Reason: We run websense here at my work (I hate it..) and some of the pages the employees need load but then a few javascript functions don't work. If the IP is left totally open (no websense) then the javascript functions work properly. I noticed the jquery on one page is being pulled from ajax.googleapis.com. I added that to the allowed sites, no dice. Added all of google.com to the allowed sites, no dice.
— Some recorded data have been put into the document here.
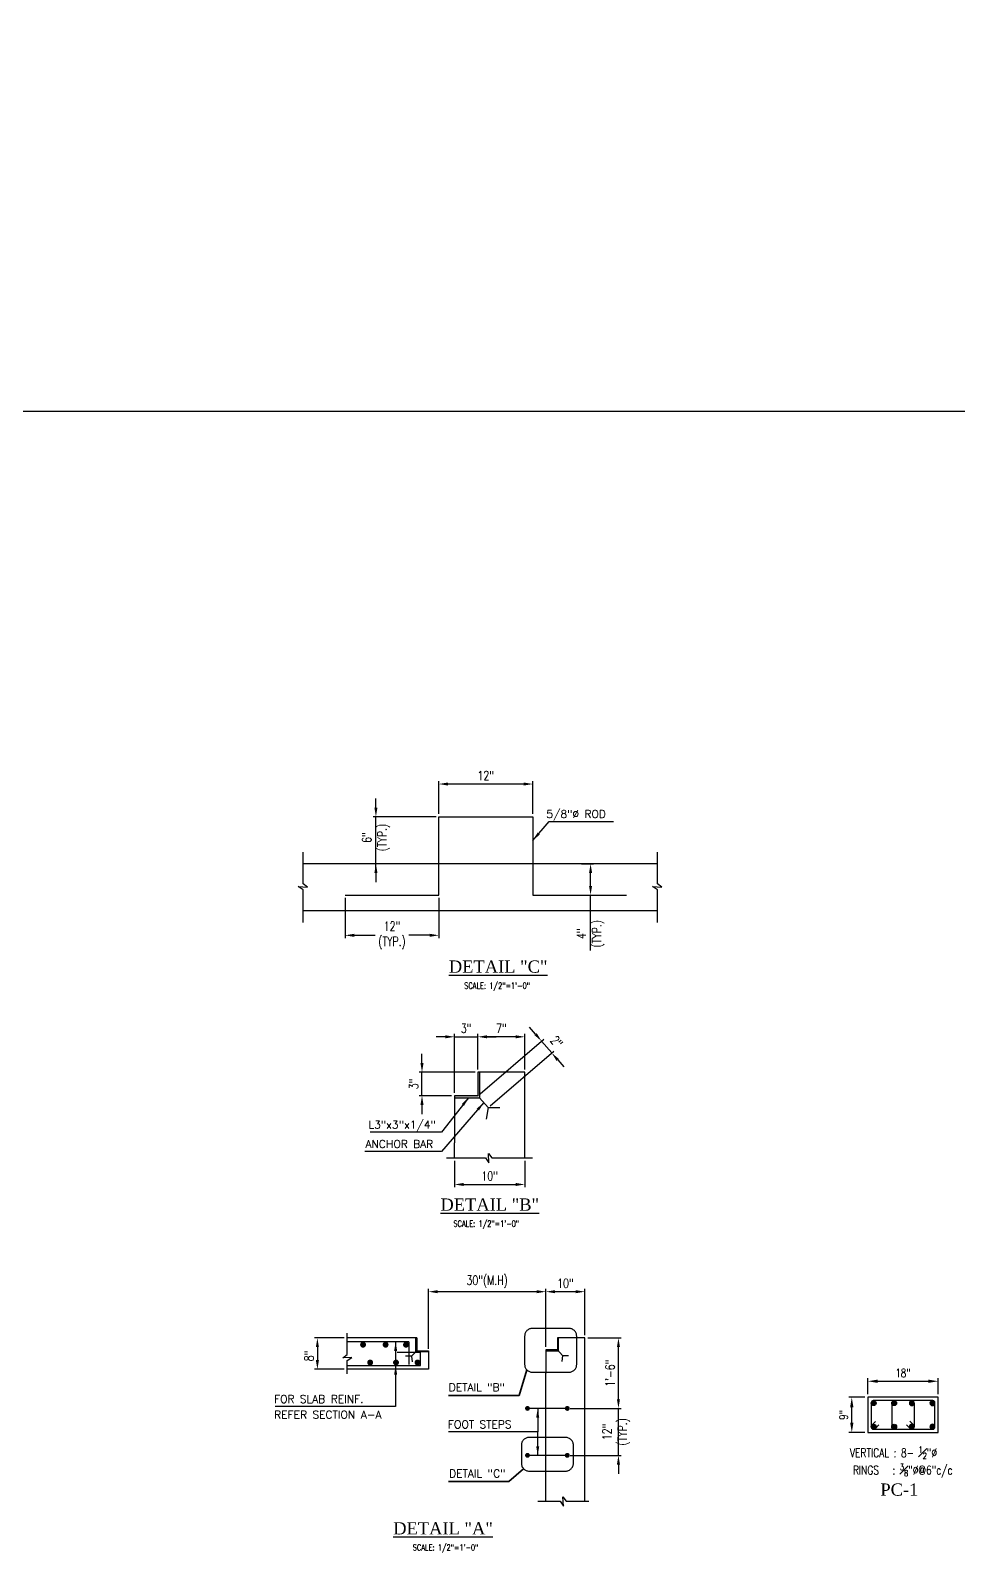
# Model space of a CAD drawing. Extents: x 646770 to 647667, y -185906 to -184623.
# Drawn here: x 647218.7 to 647455.8, y -185847.3 to -185458.3 of the extents above; entities that cross this region are included whole.
import ezdxf
from ezdxf.enums import TextEntityAlignment as Align

# ---------------------------------------------------------------- set-up
doc = ezdxf.new("R2010")
doc.units = 0
doc.header["$LTSCALE"] = 20
doc.header["$MEASUREMENT"] = 0
doc.header["$PDMODE"] = 32
doc.linetypes.add('CENTER2', pattern=[1.125, 0.75, -0.125, 0.125, -0.125])
doc.layers.get('DEFPOINTS').update_dxf_attribs({"linetype": 'CONTINUOUS'})
for name, color, linetype in [('A-TYP-ST-Hatch', 8, 'CONTINUOUS'), ('axis', 8, 'CONTINUOUS'), ('BAR-TIE', 1, 'CONTINUOUS'), ('BOT-STEEL', 6, 'CONTINUOUS'), ('DIM', 1, 'CONTINUOUS'), ('FTG-MAR', 2, 'CONTINUOUS'), ('S-BLOWUP COLUMN', 4, 'CONTINUOUS'), ('SEC', 4, 'CONTINUOUS'), ('SECTION', 4, 'CONTINUOUS'), ('ST-STEEL', 6, 'CONTINUOUS'), ('Steel', 6, 'CONTINUOUS'), ('TEXT-AXIS', 93, 'CONTINUOUS'), ('Wall', 4, 'CONTINUOUS')]:
    doc.layers.add(name, color=color, linetype=linetype)
doc.styles.add('AERIAL', font='times.ttf')
doc.styles.add('rizwan', font='romans.shx', dxfattribs={"width": 0.75})
doc.styles.add('ROMANTIC', font='romantic.ttf')
doc.styles.add('SECTION TX', font='romans.shx', dxfattribs={"width": 0.7})
doc.styles.add('ZHSARCH', font='romans.shx', dxfattribs={"width": 0.75})
doc.dimstyles.new('STYLE-64', dxfattribs={"dimscale": 64, "dimtxt": 0.09375, "dimasz": 0.09375, "dimexe": 0.0625, "dimexo": 0.0625, "dimgap": 0.03125, "dimtad": 1, "dimzin": 3, "dimdsep": 46, "dimlunit": 4, "dimtxsty": 'rizwan', "dimcen": 0.125, "dimdle": 4, "dimclrd": 1, "dimclre": 1, "dimclrt": 2, "dimadec": 0, "dimazin": 0, "dimtfac": 0.5, "dimtix": 1, "dimtmove": 2, "dimatfit": 3, "dimfxl": 0, "dimfrac": 1, "dimtolj": 1, "dimtzin": 3, "dimarcsym": 0})

# ---------------------------------------------------------------- blocks, each defined once
blk = doc.blocks.new('*D89')
at = {"layer": 'DEFPOINTS', "color": 0, "ltscale": 1.5, "transparency": 16777216}
for p in [(647350.52, -185780.63), (647360.52, -185792.46), (647350.52, -185795.46)]:
    blk.add_point(p, dxfattribs=at)
at = {"layer": 'DIM', "color": 1, "lineweight": -2, "ltscale": 1.5, "transparency": 16777216}
for p, q in [((647350.52, -185794.74), (647350.52, -185779.91)), ((647358.17, -185780.63), (647352.86, -185780.63)), ((647360.52, -185791.74), (647360.52, -185779.91))]:
    blk.add_line(p, q, dxfattribs=at)
at = {"layer": 'DIM', "color": 1, "ltscale": 1.5, "transparency": 16777216}
for points in [[(647352.86, -185780.24), (647352.86, -185781.02), (647350.52, -185780.63)], [(647358.17, -185780.24), (647358.17, -185781.02), (647360.52, -185780.63)]]:
    blk.add_solid(points, dxfattribs=at)
at = {"layer": 'DIM', "color": 2, "ltscale": 1.5, "transparency": 16777216, "insert": (647355.52, -185778.48), "char_height": 2.344, "attachment_point": 5, "style": 'rizwan'}
blk.add_mtext('\\A1;10"', dxfattribs=at)
blk = doc.blocks.new('*D80')
at = {"layer": 'DEFPOINTS', "color": 0, "ltscale": 1.5, "transparency": 16777216}
for p in [(647320.52, -185780.63), (647320.52, -185795.96), (647350.52, -185795.46)]:
    blk.add_point(p, dxfattribs=at)
at = {"layer": 'DIM', "color": 1, "lineweight": -2, "ltscale": 1.5, "transparency": 16777216}
for p, q in [((647320.52, -185795.24), (647320.52, -185779.91)), ((647348.17, -185780.63), (647322.86, -185780.63)), ((647350.52, -185794.74), (647350.52, -185779.91))]:
    blk.add_line(p, q, dxfattribs=at)
at = {"layer": 'DIM', "color": 1, "ltscale": 1.5, "transparency": 16777216}
for points in [[(647322.86, -185780.24), (647322.86, -185781.02), (647320.52, -185780.63)], [(647348.17, -185780.24), (647348.17, -185781.02), (647350.52, -185780.63)]]:
    blk.add_solid(points, dxfattribs=at)
at = {"layer": 'DIM', "color": 2, "ltscale": 1.5, "transparency": 16777216, "insert": (647335.52, -185778.09), "char_height": 2.3438, "attachment_point": 5, "style": 'rizwan'}
blk.add_mtext('\\A1;30"(M.H)', dxfattribs=at)
blk = doc.blocks.new('*D81')
at = {"layer": 'DEFPOINTS', "color": 0, "ltscale": 1.5, "transparency": 16777216}
for p in [(647299.7, -185792.46), (647292.11, -185800.46), (647299.7, -185800.46)]:
    blk.add_point(p, dxfattribs=at)
at = {"layer": 'DIM', "color": 1, "lineweight": -2, "ltscale": 1.5, "transparency": 16777216}
for p, q in [((647298.98, -185792.46), (647291.39, -185792.46)), ((647292.11, -185794.8), (647292.11, -185798.11)), ((647298.98, -185800.46), (647291.39, -185800.46))]:
    blk.add_line(p, q, dxfattribs=at)
at = {"layer": 'DIM', "color": 1, "ltscale": 1.5, "transparency": 16777216}
for points in [[(647291.72, -185794.8), (647292.5, -185794.8), (647292.11, -185792.46)], [(647291.72, -185798.11), (647292.5, -185798.11), (647292.11, -185800.46)]]:
    blk.add_solid(points, dxfattribs=at)
at = {"layer": 'DIM', "color": 2, "ltscale": 1.5, "transparency": 16777216, "insert": (647289.96, -185797.05), "char_height": 2.344, "attachment_point": 5, "rotation": 90, "style": 'rizwan'}
blk.add_mtext('\\A1;8"', dxfattribs=at)
blk = doc.blocks.new('DO')
at = {"layer": 'Steel', "const_width": 1.25}
blk.add_lwpolyline([(-0.625, 0, 1), (0.625, 0, 1)], format="xyb", close=True, dxfattribs=at)
blk = doc.blocks.new('*D82')
at = {"layer": 'DEFPOINTS', "color": 0, "ltscale": 1.5, "transparency": 16777216}
for p in [(647356.02, -185810.46), (647369.1, -185810.46), (647356.02, -185822.46)]:
    blk.add_point(p, dxfattribs=at)
at = {"layer": 'DIM', "color": 1, "lineweight": -2, "ltscale": 1.5, "transparency": 16777216}
for p, q in [((647369.1, -185808.11), (647369.1, -185805.77)), ((647356.74, -185810.46), (647369.82, -185810.46)), ((647369.1, -185822.46), (647369.1, -185810.46)), ((647356.74, -185822.46), (647369.82, -185822.46)), ((647369.1, -185824.8), (647369.1, -185827.14))]:
    blk.add_line(p, q, dxfattribs=at)
at = {"layer": 'DIM', "color": 1, "ltscale": 1.5, "transparency": 16777216}
for points in [[(647368.71, -185808.11), (647369.49, -185808.11), (647369.1, -185810.46)], [(647368.71, -185824.8), (647369.49, -185824.8), (647369.1, -185822.46)]]:
    blk.add_solid(points, dxfattribs=at)
at = {"layer": 'DIM', "color": 2, "ltscale": 1.5, "transparency": 16777216, "insert": (647368.51, -185816.46), "char_height": 2.344, "attachment_point": 5, "rotation": 90, "style": 'rizwan'}
blk.add_mtext('\\A1;12"\\P(TYP.)', dxfattribs=at)
blk = doc.blocks.new('*D90')
at = {"layer": 'DEFPOINTS', "color": 0, "ltscale": 1.5, "transparency": 16777216}
for p in [(647360.52, -185792.46), (647369.1, -185792.46), (647356.02, -185810.46)]:
    blk.add_point(p, dxfattribs=at)
at = {"layer": 'DIM', "color": 1, "lineweight": -2, "ltscale": 1.5, "transparency": 16777216}
for p, q in [((647361.24, -185792.46), (647369.82, -185792.46)), ((647369.1, -185808.11), (647369.1, -185794.8)), ((647356.74, -185810.46), (647369.82, -185810.46))]:
    blk.add_line(p, q, dxfattribs=at)
at = {"layer": 'DIM', "color": 1, "ltscale": 1.5, "transparency": 16777216}
for points in [[(647368.71, -185794.8), (647369.49, -185794.8), (647369.1, -185792.46)], [(647368.71, -185808.11), (647369.49, -185808.11), (647369.1, -185810.46)]]:
    blk.add_solid(points, dxfattribs=at)
at = {"layer": 'DIM', "color": 2, "ltscale": 1.5, "transparency": 16777216, "insert": (647366.96, -185801.46), "char_height": 2.344, "attachment_point": 5, "rotation": 90, "style": 'rizwan'}
blk.add_mtext('\\A1;1\'-6"', dxfattribs=at)
blk = doc.blocks.new('*D83')
at = {"layer": 'DEFPOINTS', "color": 0, "ltscale": 1.5, "transparency": 16777216}
for p in [(647323.18, -185650.87), (647323.18, -185659.25), (647347.18, -185659.25)]:
    blk.add_point(p, dxfattribs=at)
at = {"layer": 'DIM', "color": 1, "lineweight": -2, "ltscale": 1.5, "transparency": 16777216}
for p, q in [((647323.18, -185658.53), (647323.18, -185650.15)), ((647344.84, -185650.87), (647325.52, -185650.87)), ((647347.18, -185658.53), (647347.18, -185650.15))]:
    blk.add_line(p, q, dxfattribs=at)
at = {"layer": 'DIM', "color": 1, "ltscale": 1.5, "transparency": 16777216}
for points in [[(647325.52, -185650.48), (647325.52, -185651.26), (647323.18, -185650.87)], [(647344.84, -185650.48), (647344.84, -185651.26), (647347.18, -185650.87)]]:
    blk.add_solid(points, dxfattribs=at)
at = {"layer": 'DIM', "color": 2, "ltscale": 1.5, "transparency": 16777216, "insert": (647335.18, -185648.72), "char_height": 2.344, "attachment_point": 5, "style": 'rizwan'}
blk.add_mtext('\\A1;12"', dxfattribs=at)
blk = doc.blocks.new('*D84')
at = {"layer": 'DEFPOINTS', "color": 0, "ltscale": 1.5, "transparency": 16777216}
for p in [(647299.18, -185679.25), (647323.18, -185679.25), (647299.18, -185689.54)]:
    blk.add_point(p, dxfattribs=at)
at = {"layer": 'DIM', "color": 1, "lineweight": -2, "ltscale": 1.5, "transparency": 16777216}
for p, q in [((647299.18, -185679.97), (647299.18, -185690.26)), ((647323.18, -185679.97), (647323.18, -185690.26)), ((647301.52, -185689.54), (647306.87, -185689.54)), ((647320.84, -185689.54), (647315.49, -185689.54))]:
    blk.add_line(p, q, dxfattribs=at)
at = {"layer": 'DIM', "color": 1, "ltscale": 1.5, "transparency": 16777216}
for points in [[(647301.52, -185689.15), (647301.52, -185689.93), (647299.18, -185689.54)], [(647320.84, -185689.15), (647320.84, -185689.93), (647323.18, -185689.54)]]:
    blk.add_solid(points, dxfattribs=at)
at = {"layer": 'DIM', "color": 2, "ltscale": 1.5, "transparency": 16777216, "insert": (647311.18, -185689.54), "char_height": 2.344, "attachment_point": 5, "style": 'rizwan'}
blk.add_mtext('\\A1;12"\\P(TYP.)', dxfattribs=at)
blk = doc.blocks.new('*D85')
at = {"layer": 'DEFPOINTS', "color": 0, "ltscale": 1.5, "transparency": 16777216}
for p in [(647307.08, -185659.25), (647323.18, -185659.25), (647313.69, -185671.25)]:
    blk.add_point(p, dxfattribs=at)
at = {"layer": 'DIM', "color": 1, "lineweight": -2, "ltscale": 1.5, "transparency": 16777216}
for p, q in [((647307.08, -185656.91), (647307.08, -185654.56)), ((647322.46, -185659.25), (647306.36, -185659.25)), ((647307.08, -185671.25), (647307.08, -185659.25)), ((647312.97, -185671.25), (647306.36, -185671.25)), ((647307.08, -185673.59), (647307.08, -185675.94))]:
    blk.add_line(p, q, dxfattribs=at)
at = {"layer": 'DIM', "color": 1, "ltscale": 1.5, "transparency": 16777216}
for points in [[(647306.69, -185656.91), (647307.47, -185656.91), (647307.08, -185659.25)], [(647306.69, -185673.59), (647307.47, -185673.59), (647307.08, -185671.25)]]:
    blk.add_solid(points, dxfattribs=at)
at = {"layer": 'DIM', "color": 2, "ltscale": 1.5, "transparency": 16777216, "insert": (647307.08, -185664.55), "char_height": 2.344, "attachment_point": 5, "rotation": 90, "style": 'rizwan'}
blk.add_mtext('\\A1;6"\\P(TYP.)', dxfattribs=at)
blk = doc.blocks.new('*D86')
at = {"layer": 'DEFPOINTS', "color": 0, "ltscale": 1.5, "transparency": 16777216}
for p in [(647358.9, -185671.25), (647361.97, -185671.25), (647359.18, -185679.25)]:
    blk.add_point(p, dxfattribs=at)
at = {"layer": 'DIM', "color": 1, "lineweight": -2, "ltscale": 1.5, "transparency": 16777216}
for p, q in [((647359.62, -185671.25), (647362.69, -185671.25)), ((647361.97, -185676.91), (647361.97, -185673.59)), ((647359.9, -185679.25), (647362.69, -185679.25)), ((647361.97, -185693.46), (647361.97, -185679.25))]:
    blk.add_line(p, q, dxfattribs=at)
at = {"layer": 'DIM', "color": 1, "ltscale": 1.5, "transparency": 16777216}
for points in [[(647361.58, -185673.59), (647362.36, -185673.59), (647361.97, -185671.25)], [(647361.58, -185676.91), (647362.36, -185676.91), (647361.97, -185679.25)]]:
    blk.add_solid(points, dxfattribs=at)
at = {"layer": 'DIM', "color": 2, "ltscale": 1.5, "transparency": 16777216, "insert": (647361.97, -185689.15), "char_height": 2.344, "attachment_point": 5, "rotation": 90, "style": 'rizwan'}
blk.add_mtext('\\A1;4"\\P(TYP.)', dxfattribs=at)
blk = doc.blocks.new('*D91')
at = {"layer": 'DEFPOINTS', "color": 0, "ltscale": 1.5, "transparency": 16777216}
for p in [(647333.15, -185715.48), (647333.15, -185724.54), (647327.15, -185730.54)]:
    blk.add_point(p, dxfattribs=at)
at = {"layer": 'DIM', "color": 1, "lineweight": -2, "ltscale": 1.5, "transparency": 16777216}
for p, q in [((647327.15, -185729.82), (647327.15, -185714.76)), ((647333.15, -185723.82), (647333.15, -185714.76)), ((647324.81, -185715.48), (647322.47, -185715.48)), ((647327.15, -185715.48), (647333.15, -185715.48)), ((647335.5, -185715.48), (647337.84, -185715.48))]:
    blk.add_line(p, q, dxfattribs=at)
at = {"layer": 'DIM', "color": 1, "ltscale": 1.5, "transparency": 16777216}
for points in [[(647324.81, -185715.09), (647324.81, -185715.87), (647327.15, -185715.48)], [(647335.5, -185715.09), (647335.5, -185715.87), (647333.15, -185715.48)]]:
    blk.add_solid(points, dxfattribs=at)
at = {"layer": 'DIM', "color": 2, "ltscale": 1.5, "transparency": 16777216, "insert": (647330.15, -185713.33), "char_height": 2.344, "attachment_point": 5, "style": 'rizwan'}
blk.add_mtext('\\A1;3"', dxfattribs=at)
blk = doc.blocks.new('*D87')
at = {"layer": 'DEFPOINTS', "color": 0, "ltscale": 1.5, "transparency": 16777216}
for p in [(647352.04, -185719.61), (647333.15, -185730.54), (647335.76, -185733.58)]:
    blk.add_point(p, dxfattribs=at)
at = {"layer": 'DIM', "color": 1, "lineweight": -2, "ltscale": 1.5, "transparency": 16777216}
for p, q in [((647347.9, -185714.8), (647346.38, -185713.02)), ((647333.7, -185730.07), (647349.98, -185716.11)), ((647349.43, -185716.58), (647352.04, -185719.61)), ((647336.31, -185733.11), (647352.58, -185719.15)), ((647353.56, -185721.39), (647355.09, -185723.17))]:
    blk.add_line(p, q, dxfattribs=at)
at = {"layer": 'DIM', "color": 1, "ltscale": 1.5, "transparency": 16777216}
for points in [[(647348.2, -185714.55), (647347.61, -185715.05), (647349.43, -185716.58)], [(647353.86, -185721.14), (647353.26, -185721.65), (647352.04, -185719.61)]]:
    blk.add_solid(points, dxfattribs=at)
at = {"layer": 'DIM', "color": 2, "ltscale": 1.5, "transparency": 16777216, "insert": (647353.3, -185716.75), "char_height": 2.344, "attachment_point": 5, "rotation": 310.6214, "style": 'rizwan'}
blk.add_mtext('\\A1;2"', dxfattribs=at)
blk = doc.blocks.new('*D92')
at = {"layer": 'DEFPOINTS', "color": 0, "ltscale": 1.5, "transparency": 16777216}
for p in [(647318.86, -185724.54), (647333.15, -185724.54), (647327.15, -185730.54)]:
    blk.add_point(p, dxfattribs=at)
at = {"layer": 'DIM', "color": 1, "lineweight": -2, "ltscale": 1.5, "transparency": 16777216}
for p, q in [((647318.86, -185722.2), (647318.86, -185719.85)), ((647332.43, -185724.54), (647318.14, -185724.54)), ((647318.86, -185730.54), (647318.86, -185724.54)), ((647326.43, -185730.54), (647318.14, -185730.54)), ((647318.86, -185732.88), (647318.86, -185735.23))]:
    blk.add_line(p, q, dxfattribs=at)
at = {"layer": 'DIM', "color": 1, "ltscale": 1.5, "transparency": 16777216}
for points in [[(647318.47, -185722.2), (647319.25, -185722.2), (647318.86, -185724.54)], [(647318.47, -185732.88), (647319.25, -185732.88), (647318.86, -185730.54)]]:
    blk.add_solid(points, dxfattribs=at)
at = {"layer": 'DIM', "color": 2, "ltscale": 1.5, "transparency": 16777216, "insert": (647316.71, -185727.54), "char_height": 2.344, "attachment_point": 5, "rotation": 90, "style": 'rizwan'}
blk.add_mtext('\\A1;3"', dxfattribs=at)
blk = doc.blocks.new('*D88')
at = {"layer": 'DEFPOINTS', "color": 0, "ltscale": 1.5, "transparency": 16777216}
for p in [(647327.15, -185746.44), (647345.15, -185746.44), (647345.15, -185753.22)]:
    blk.add_point(p, dxfattribs=at)
at = {"layer": 'DIM', "color": 1, "lineweight": -2, "ltscale": 1.5, "transparency": 16777216}
for p, q in [((647327.15, -185747.16), (647327.15, -185753.94)), ((647345.15, -185747.16), (647345.15, -185753.94)), ((647329.5, -185753.22), (647342.81, -185753.22))]:
    blk.add_line(p, q, dxfattribs=at)
at = {"layer": 'DIM', "color": 1, "ltscale": 1.5, "transparency": 16777216}
for points in [[(647329.5, -185752.83), (647329.5, -185753.61), (647327.15, -185753.22)], [(647342.81, -185752.83), (647342.81, -185753.61), (647345.15, -185753.22)]]:
    blk.add_solid(points, dxfattribs=at)
at = {"layer": 'DIM', "color": 2, "ltscale": 1.5, "transparency": 16777216, "insert": (647336.15, -185751.07), "char_height": 2.344, "attachment_point": 5, "style": 'rizwan'}
blk.add_mtext('\\A1;10"', dxfattribs=at)
blk = doc.blocks.new('*D93')
at = {"layer": 'DEFPOINTS', "color": 0, "ltscale": 1.5, "transparency": 16777216}
for p in [(647333.15, -185715.48), (647333.15, -185724.54), (647345.15, -185724.54)]:
    blk.add_point(p, dxfattribs=at)
at = {"layer": 'DIM', "color": 1, "lineweight": -2, "ltscale": 1.5, "transparency": 16777216}
for p, q in [((647333.15, -185723.82), (647333.15, -185714.76)), ((647345.15, -185723.82), (647345.15, -185714.76)), ((647342.81, -185715.48), (647335.5, -185715.48))]:
    blk.add_line(p, q, dxfattribs=at)
at = {"layer": 'DIM', "color": 1, "ltscale": 1.5, "transparency": 16777216}
for points in [[(647335.5, -185715.09), (647335.5, -185715.87), (647333.15, -185715.48)], [(647342.81, -185715.09), (647342.81, -185715.87), (647345.15, -185715.48)]]:
    blk.add_solid(points, dxfattribs=at)
at = {"layer": 'DIM', "color": 2, "ltscale": 1.5, "transparency": 16777216, "insert": (647339.15, -185713.33), "char_height": 2.344, "attachment_point": 5, "style": 'rizwan'}
blk.add_mtext('\\A1;7"', dxfattribs=at)
blk = doc.blocks.new('A$C76BB0DB5')
at = {"layer": 'BOT-STEEL', "ltscale": 0.05}
h = blk.add_hatch(color=256, dxfattribs=at)
h.dxf.hatch_style = 1
h.paths.add_polyline_path([(-0.75, 0, 1), (0.75, 0, 1)])
blk.add_circle((0, 0), 0.75, dxfattribs=at)
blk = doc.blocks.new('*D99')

There's the possibility that there's another one tucked away that's preventing whatever external script from being called on b/c websense is blocking it.

Any suggestions?

update: unblocking all "search engines and portals" seems to work, I just don't need to leave all of that open, I need to know exactly what's being called so I can unblock that one specific script/page.


----------



## Disparia (Feb 1, 2012)

May not be the most simple way to get a list, but Live HTTP Headers for Firefox would show the calls to other sites, as well as which ones are open and which ones are still being blocked.


----------



## Oliver_FF (Feb 5, 2012)

Open Firebug, click to the 'Net' tab, refresh the page, click on 'Status' to sort it descending and all your blocked domains will jump to the top of the list.


----------



## Aquinus (Mar 1, 2012)

You could use something like WireShark between your gateway and your ISP and filter by HTTP traffic on port 80 if you want really low level information. It should be able to easily tell you where the requests are going and coming from as well as the raw data associated with each request/response.


----------



## Dolph (Mar 9, 2012)

Its not really a plugin, but we use Fiddler for debugging web errors with servers, very detailed and descriptive, wireshark is also good, but id suggest Fiddler.


----------